All Band Inexpensive 40 Watt Transmitter


Vintage Ham Radio 0 Comments 07/09/2020 

a great "first homebrew xmtr" project

Posted By: Robert Nickels (ranickels)

 

Jay Miller KK5IM recently wrote an article in Electric Radio magazine about fulfilling his dream of building a homebrew "AM Kilowatt" transmitter (375 watts output by today's standards).     His crystal-controlled exciter that drive the 813 was based on his Novice transmitter, which was built by his grand-uncle back in the 1960s when Novice class hams were lmited to less than 75 watts and crystal control.    The design came from an 1961 ARRL Handbook article (attached below) called "All Band Inexpensive 40 watt Transmitter", that used the classic line-up of a 6AG7 oscillator followed by an 807 or 1625 PA.    (The 1625 is identical to the 807 but has a 12 volt filament, which would require a different filament connection, but was commonly available for pennies from military surplus dealers at the time).  

This circuit would be an ideal "first homebrew rig" starting point because the parts are still inexpensive and not difficult to find (variable capacitors being the possible exception),  it can be adapted to any ham band by choosing the right L-C values without the complexity of bandswitching, and it has everything needed to actually use on the air, including metering and provision for spotting the crystal requency with the receiver.   (Back in the day of crystal control it was common to work "split" where each station tuned to the crystal frequency of the other).

The coils described are made from cutting sections of  "Air Dux" to the required length.   Air Dux and similar coils were commonly available at the time and not expensive but today that's no longer the case.   For the HF range, PVC pipe is a suitable coil form, or there are articles describing how to make the exact same type of self-supported air dielectric coils using a bit of plastic and glue.   A very good article by W3JIP showing how this is done appeared in QST magazine and is also linked below.  Thanks to the ARRL for making this needed information available!

Hamfests and online sources will provide all the parts needed with a little patience.  Hammond is the best source for new power transformers and chokes and while not inexpensive, making a separate power supply as shown makes it easy to use with future projects.

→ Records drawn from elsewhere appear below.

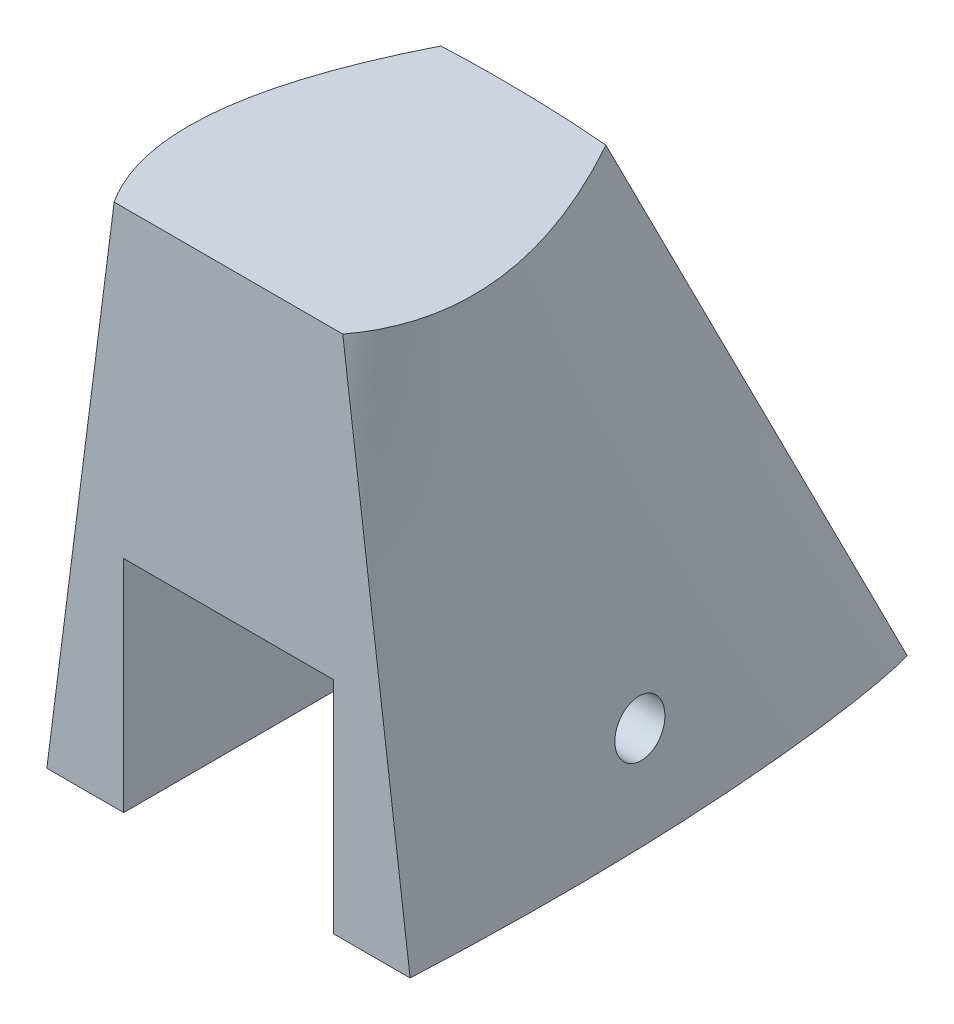
ISO-10303-21;
HEADER;
FILE_DESCRIPTION(('STEP AP214'),'2;1');
FILE_NAME('part.step','',(''),(''),'','','');
FILE_SCHEMA(('AUTOMOTIVE_DESIGN { 1 0 10303 214 1 1 1 1 }'));
ENDSEC;
DATA;
#1=APPLICATION_CONTEXT('core data for automotive mechanical design processes');
#2=APPLICATION_PROTOCOL_DEFINITION('international standard','automotive_design',2000,#1);
#3=PRODUCT_CONTEXT('',#1,'mechanical');
#4=PRODUCT('Part','Part','',(#3));
#5=PRODUCT_RELATED_PRODUCT_CATEGORY('part','',(#4));
#6=PRODUCT_DEFINITION_FORMATION('','',#4);
#7=PRODUCT_DEFINITION_CONTEXT('part definition',#1,'design');
#8=PRODUCT_DEFINITION('design','',#6,#7);
#9=PRODUCT_DEFINITION_SHAPE('','',#8);
#10=(LENGTH_UNIT() NAMED_UNIT(*) SI_UNIT(.MILLI.,.METRE.));
#11=(NAMED_UNIT(*) PLANE_ANGLE_UNIT() SI_UNIT($,.RADIAN.));
#12=(NAMED_UNIT(*) SI_UNIT($,.STERADIAN.) SOLID_ANGLE_UNIT());
#13=UNCERTAINTY_MEASURE_WITH_UNIT(LENGTH_MEASURE(1.E-05),#10,'distance_accuracy_value','');
#14=(GEOMETRIC_REPRESENTATION_CONTEXT(3) GLOBAL_UNCERTAINTY_ASSIGNED_CONTEXT((#13)) GLOBAL_UNIT_ASSIGNED_CONTEXT((#10,
#11,#12)) REPRESENTATION_CONTEXT('',''));
#15=CARTESIAN_POINT('',(0.,0.,0.));
#16=DIRECTION('',(0.,0.,1.));
#17=DIRECTION('',(1.,0.,0.));
#18=AXIS2_PLACEMENT_3D('',#15,#16,#17);
#19=CARTESIAN_POINT('',(6.47919218277337E-13,0.,-8.5150911907011));
#20=DIRECTION('',(0.,-1.,0.));
#21=DIRECTION('',(0.,0.,-1.));
#22=AXIS2_PLACEMENT_3D('',#19,#20,#21);
#23=PLANE('',#22);
#24=CARTESIAN_POINT('',(5.76096322759391,0.,-8.29632819805979));
#25=CARTESIAN_POINT('',(1.91974228306342,0.,-8.58801218824814));
#26=CARTESIAN_POINT('',(-1.91974228306213,0.,-8.58801218824821));
#27=CARTESIAN_POINT('',(-5.76096322759262,0.,-8.29632819805992));
#28=B_SPLINE_CURVE_WITH_KNOTS('',3,(#24,#25,#26,#27),.UNSPECIFIED.,.F.,.F.,(4,4),(0.,1.),.UNSPECIFIED.);
#29=CARTESIAN_POINT('',(-4.,0.,-8.40961910674386));
#30=VERTEX_POINT('',#29);
#31=CARTESIAN_POINT('',(-5.760963227599,0.,-8.29632819803115));
#32=VERTEX_POINT('',#31);
#33=EDGE_CURVE('E149',#30,#32,#28,.T.);
#34=ORIENTED_EDGE('',*,*,#33,.F.);
#35=DIRECTION('',(0.,0.,-1.));
#36=VECTOR('',#35,1.);
#37=CARTESIAN_POINT('',(-4.,0.,17.6214543016305));
#38=LINE('',#37,#36);
#39=CARTESIAN_POINT('',(-4.,0.,11.8461538461538));
#40=VERTEX_POINT('',#39);
#41=EDGE_CURVE('E200',#40,#30,#38,.T.);
#42=ORIENTED_EDGE('',*,*,#41,.F.);
#43=CARTESIAN_POINT('',(-8.75,0.,11.8461538461538));
#44=CARTESIAN_POINT('',(0.,0.,11.8461538461538));
#45=CARTESIAN_POINT('',(8.75,0.,11.8461538461538));
#46=B_SPLINE_CURVE_WITH_KNOTS('',2,(#43,#44,#45),.UNSPECIFIED.,.F.,.F.,(3,3),(0.,1.),.UNSPECIFIED.);
#47=CARTESIAN_POINT('',(-6.93238442967533,0.,11.8461538461538));
#48=VERTEX_POINT('',#47);
#49=EDGE_CURVE('E368',#48,#40,#46,.T.);
#50=ORIENTED_EDGE('',*,*,#49,.F.);
#51=CARTESIAN_POINT('',(-5.760963227599,0.,-8.29632819803115));
#52=CARTESIAN_POINT('',(-5.8067513331507,0.,-8.14627627748472));
#53=CARTESIAN_POINT('',(-5.85036434938431,0.,-7.98043940425513));
#54=CARTESIAN_POINT('',(-5.93440813531999,0.,-7.62940137284435));
#55=CARTESIAN_POINT('',(-5.97481704629437,0.,-7.44399749399642));
#56=CARTESIAN_POINT('',(-6.05293666720244,0.,-7.0594241417336));
#57=CARTESIAN_POINT('',(-6.09058507596302,0.,-6.86032047769378));
#58=CARTESIAN_POINT('',(-6.1620273038029,0.,-6.46034957242623));
#59=CARTESIAN_POINT('',(-6.19607325347414,0.,-6.25821084034677));
#60=CARTESIAN_POINT('',(-6.29404613224256,0.,-5.64700565943598));
#61=CARTESIAN_POINT('',(-6.35384978498306,0.,-5.23323118676896));
#62=CARTESIAN_POINT('',(-6.46476620725011,0.,-4.39764983523415));
#63=CARTESIAN_POINT('',(-6.51584025536789,0.,-3.97576874559321));
#64=CARTESIAN_POINT('',(-6.65762831111588,0.,-2.70126736461715));
#65=CARTESIAN_POINT('',(-6.73616120859031,0.,-1.84760811988885));
#66=CARTESIAN_POINT('',(-6.8669899876044,0.,-0.139756635521907));
#67=CARTESIAN_POINT('',(-6.91926675996085,0.,0.715475761900413));
#68=CARTESIAN_POINT('',(-7.04110628436952,0.,3.28431111618752));
#69=CARTESIAN_POINT('',(-7.07574383746952,0.,5.00262853971937));
#70=CARTESIAN_POINT('',(-7.06348531191426,0.,8.42854205599656));
#71=CARTESIAN_POINT('',(-7.01656336326314,0.,10.1384183782692));
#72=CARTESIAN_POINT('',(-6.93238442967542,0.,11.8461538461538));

One thing that isn't included is a T/R switch or relay to switch the antenna between transmitter and receiver and to mute the receiver during TX.   I can solve that problem however!   This is a perfect application for my VERSA-TR which was described in the December 2018 issue of QST and is available in kit from from Hayseed Hamfest.  In addition to automatically sensing and switching the antenna, it can mute the receive audio and by connecting amplified type speaker(s) a pleasant sidetone is generated for CW monitoring.

Hams have been using vacuum tubes longer than anyone but it's the guitar players who have kept tube manufacturers in business and amplifier builders that have provided companies with sufficient volume to keep making transformers and other components.   So all hams wishing to re-live the golden age of building their own ham gear that is still very usable on the air need to do is take advantage of these sources and dust off a classic transmitter design like this one.

 

 

Click on the image title or on the image itself to open the full-sized image in a separate window.

Description Comment  
W3JIP article on making air-core homebrew inductor It's easy! Courtesy ARRL. Visit www.arrl.org to learn all about ham radio!
1961 All Band Homebrew 40 watt transmitter courtesy ARRL handbook 1961. Visit www.arrl.org to learn all about ham radio!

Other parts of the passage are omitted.